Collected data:
┌──

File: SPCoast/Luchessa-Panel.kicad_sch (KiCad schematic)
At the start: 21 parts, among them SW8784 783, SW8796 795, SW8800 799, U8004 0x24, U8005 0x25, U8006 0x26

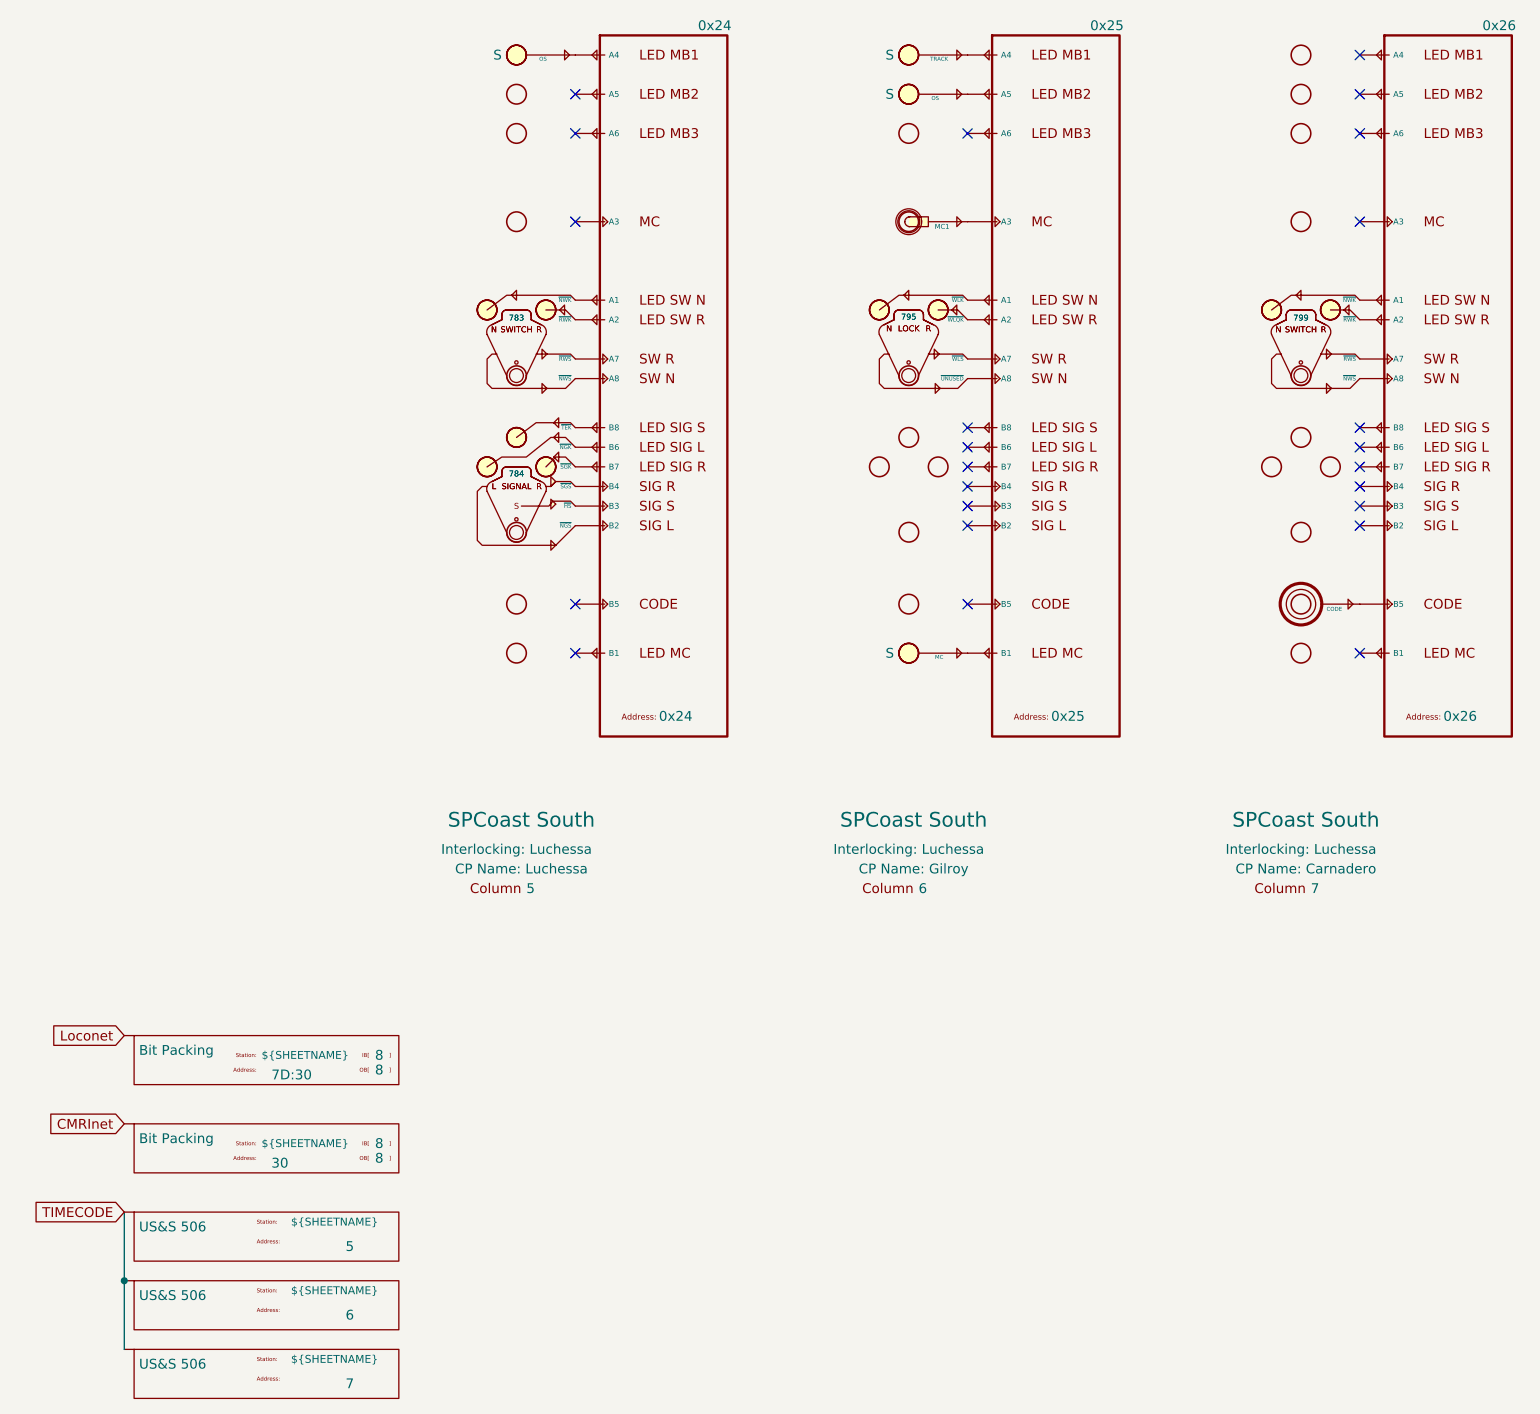
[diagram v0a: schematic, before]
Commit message: refactor(kicad): mast anchors with explicit indication-to-aspect casts; restore fields KiCad reset
Second pass after the cast chains (b4c58d3), decided 2026-10-17: the per-head
anchors Head-CPL/CL/Semaphore were the mast's indication table collapsed into
a symbol. The chain is now

    [Mast 774NAB] -indication- [Cast-Aspect-CPL unit B] -aspect- [Cast-Encoder-CPL] -bits- [chip]

Cast-Aspect-CPL/CL/Semaphore are multi-unit casts, one unit per head letter
(A..E), so placing unit B beside mast 774N is head 774NB with nothing typed;
the reader derives every head name from mast plus unit. Style's home is the
aspect cast. The project ERC now ignores missing_unit and missing_input_pin,
since an aspect cast places only the units its mast has.

CMRI bits: Address is the node (the chip every bit folds into, as for every
other driver), Bit is the bit, UA = ${Address} is a display echo, Value =
UA${Address}.IN.${Bit}.

Restore (SPCoast/edits/2026-10-17-restore-reset-fields.py): the owner's last
KiCad save before 857cae2 ran "update symbols from library" with field reset,
putting library defaults into per-instance fields on nine sheets: every
PanelLamp IndicationToken ("S"), PanelColumn Interlocking ("Luchessa"),
Luchessa encoding Station ("Panel"), Sargent Exp2 PCA9685-PWM 0x27 -> 0x20
(colliding with Exp3), and the 34 Caltrain bit numbers. All 98 values are
restored from the last good netlist export, embedded in the script.

Scripts: SPCoast/edits/2026-10-17-mast-chain.py (second pass; reuses the
first pass's helpers), 2026-10-17-restore-reset-fields.py. __pycache__/
added to .gitignore.

Verified:
- post-restore netlist vs the last good export: no field differs except on
  the anchors the first pass replaced and the intended JMRI blanks
- lint_symbol_fields: 93 symbols, 0 errors (per-unit cast rule)
- kicad-cli ERC: 0 violations; netlist export without warnings
- gate vs post-restore: nets not touching an anchor identical; all 11 aspect
  nets re-sourced from a Cast-Aspect un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
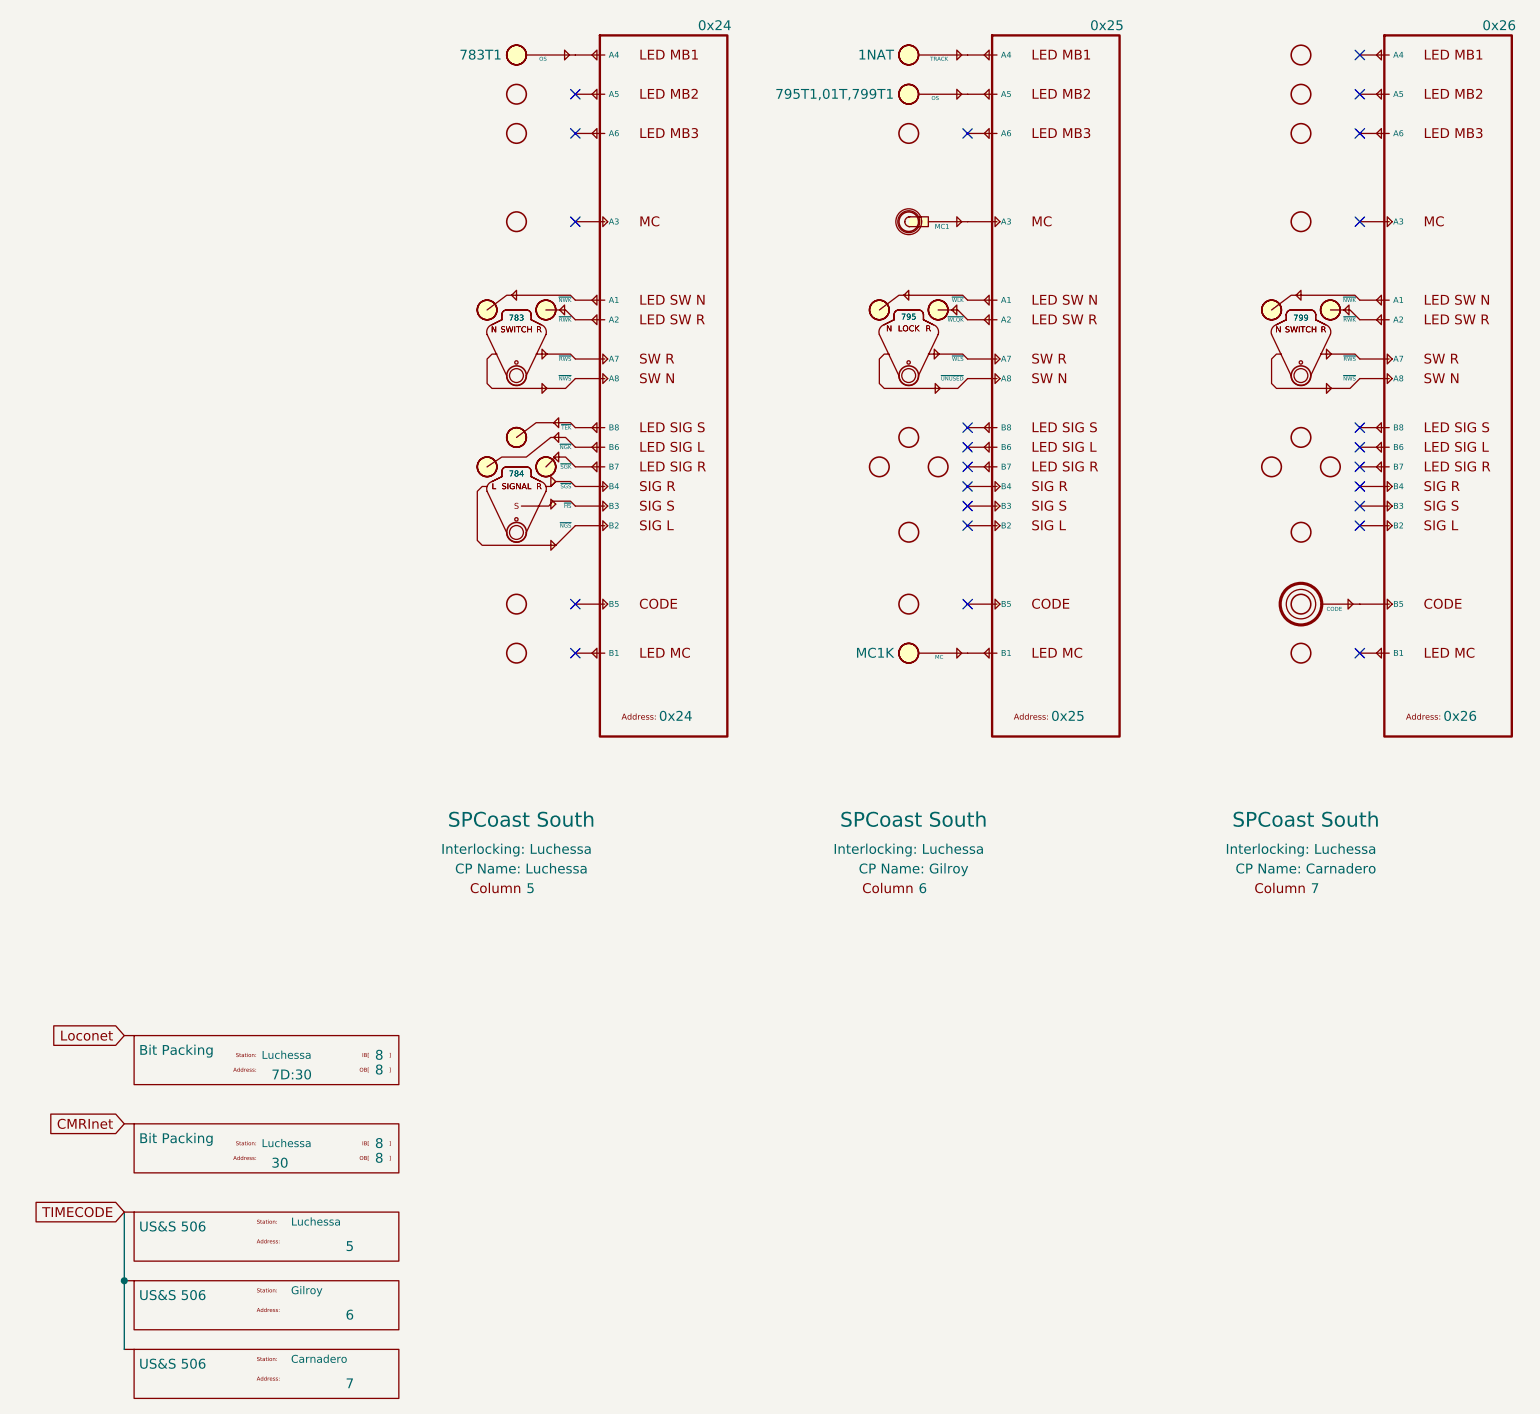
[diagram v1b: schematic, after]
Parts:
- Encoding8002, Encoding8005, Encoding8006: Station ${SHEETNAME} -> Luchessa
- Encoding8003: Station ${SHEETNAME} -> Gilroy
- Encoding8004: Station ${SHEETNAME} -> Carnadero
- LAMP8005: IndicationToken S -> 783T1
- LAMP8006: IndicationToken S -> 1NAT
- LAMP8007: IndicationToken S -> 795T1,01T,799T1
- LAMP8008: IndicationToken S -> MC1K
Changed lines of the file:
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@@
 			)
 		)
-		(property "Station" "${SHEETNAME}"
+		(property "Station" "Gilroy"
 			(at 50.8 186.69 0)
 			(show_name no)
@@
 			)
 		)
-		(property "IndicationToken" "S"
+		(property "IndicationToken" "MC1K"
 			(at 128.905 104.14 0)
 			(show_name no)
@@
 			)
 		)
-		(property "IndicationToken" "S"
+		(property "IndicationToken" "783T1"
 			(at 78.105 26.67 0)
 			(show_name no)
@@
 			)
 		)
-		(property "Station" "${SHEETNAME}"
+		(property "Station" "Luchessa"
 			(at 46.99 167.64 0)
 			(show_name no)
@@
 			)
 		)
-		(property "Station" "${SHEETNAME}"
+		(property "Station" "Luchessa"
 			(at 50.8 177.8 0)
 			(show_name no)
@@
 			)
 		)
-		(property "IndicationToken" "S"
+		(property "IndicationToken" "1NAT"
 			(at 128.905 26.67 0)
 			(show_name no)
@@
 			)
 		)
-		(property "IndicationToken" "S"
+		(property "IndicationToken" "795T1,01T,799T1"
 			(at 128.905 31.75 0)
 			(show_name no)
@@
 			)
 		)
-		(property "Station" "${SHEETNAME}"
+		(property "Station" "Carnadero"
 			(at 50.8 195.58 0)
 			(show_name no)
@@
 			)
 		)
-		(property "Station" "${SHEETNAME}"
+		(property "Station" "Luchessa"
 			(at 46.99 156.21 0)
 			(show_name no)

└──

**Exercise**
Give the entries above again word for word, without any pictures.

**Reply**
File: SPCoast/Luchessa-Panel.kicad_sch (KiCad schematic)
At the start: 21 parts, among them SW8784 783, SW8796 795, SW8800 799, U8004 0x24, U8005 0x25, U8006 0x26

[diagram v0a: schematic, before]
Commit message: refactor(kicad): mast anchors with explicit indication-to-aspect casts; restore fields KiCad reset
Second pass after the cast chains (b4c58d3), decided 2026-10-17: the per-head
anchors Head-CPL/CL/Semaphore were the mast's indication table collapsed into
a symbol. The chain is now

    [Mast 774NAB] -indication- [Cast-Aspect-CPL unit B] -aspect- [Cast-Encoder-CPL] -bits- [chip]

Cast-Aspect-CPL/CL/Semaphore are multi-unit casts, one unit per head letter
(A..E), so placing unit B beside mast 774N is head 774NB with nothing typed;
the reader derives every head name from mast plus unit. Style's home is the
aspect cast. The project ERC now ignores missing_unit and missing_input_pin,
since an aspect cast places only the units its mast has.

CMRI bits: Address is the node (the chip every bit folds into, as for every
other driver), Bit is the bit, UA = ${Address} is a display echo, Value =
UA${Address}.IN.${Bit}.

Restore (SPCoast/edits/2026-10-17-restore-reset-fields.py): the owner's last
KiCad save before 857cae2 ran "update symbols from library" with field reset,
putting library defaults into per-instance fields on nine sheets: every
PanelLamp IndicationToken ("S"), PanelColumn Interlocking ("Luchessa"),
Luchessa encoding Station ("Panel"), Sargent Exp2 PCA9685-PWM 0x27 -> 0x20
(colliding with Exp3), and the 34 Caltrain bit numbers. All 98 values are
restored from the last good netlist export, embedded in the script.

Scripts: SPCoast/edits/2026-10-17-mast-chain.py (second pass; reuses the
first pass's helpers), 2026-10-17-restore-reset-fields.py. __pycache__/
added to .gitignore.

Verified:
- post-restore netlist vs the last good export: no field differs except on
  the anchors the first pass replaced and the intended JMRI blanks
- lint_symbol_fields: 93 symbols, 0 errors (per-unit cast rule)
- kicad-cli ERC: 0 violations; netlist export without warnings
- gate vs post-restore: nets not touching an anchor identical; all 11 aspect
  nets re-sourced from a Cast-Aspect un
[diagram v1b: schematic, after]
Parts:
- Encoding8002, Encoding8005, Encoding8006: Station ${SHEETNAME} -> Luchessa
- Encoding8003: Station ${SHEETNAME} -> Gilroy
- Encoding8004: Station ${SHEETNAME} -> Carnadero
- LAMP8005: IndicationToken S -> 783T1
- LAMP8006: IndicationToken S -> 1NAT
- LAMP8007: IndicationToken S -> 795T1,01T,799T1
- LAMP8008: IndicationToken S -> MC1K
Changed lines of the file:
@@
 			)
 		)
-		(property "Station" "${SHEETNAME}"
+		(property "Station" "Gilroy"
 			(at 50.8 186.69 0)
 			(show_name no)
@@
 			)
 		)
-		(property "IndicationToken" "S"
+		(property "IndicationToken" "MC1K"
 			(at 128.905 104.14 0)
 			(show_name no)
@@
 			)
 		)
-		(property "IndicationToken" "S"
+		(property "IndicationToken" "783T1"
 			(at 78.105 26.67 0)
 			(show_name no)
@@
 			)
 		)
-		(property "Station" "${SHEETNAME}"
+		(property "Station" "Luchessa"
 			(at 46.99 167.64 0)
 			(show_name no)
@@
 			)
 		)
-		(property "Station" "${SHEETNAME}"
+		(property "Station" "Luchessa"
 			(at 50.8 177.8 0)
 			(show_name no)
@@
 			)
 		)
-		(property "IndicationToken" "S"
+		(property "IndicationToken" "1NAT"
 			(at 128.905 26.67 0)
 			(show_name no)
@@
 			)
 		)
-		(property "IndicationToken" "S"
+		(property "IndicationToken" "795T1,01T,799T1"
 			(at 128.905 31.75 0)
 			(show_name no)
@@
 			)
 		)
-		(property "Station" "${SHEETNAME}"
+		(property "Station" "Carnadero"
 			(at 50.8 195.58 0)
 			(show_name no)
@@
 			)
 		)
-		(property "Station" "${SHEETNAME}"
+		(property "Station" "Luchessa"
 			(at 46.99 156.21 0)
 			(show_name no)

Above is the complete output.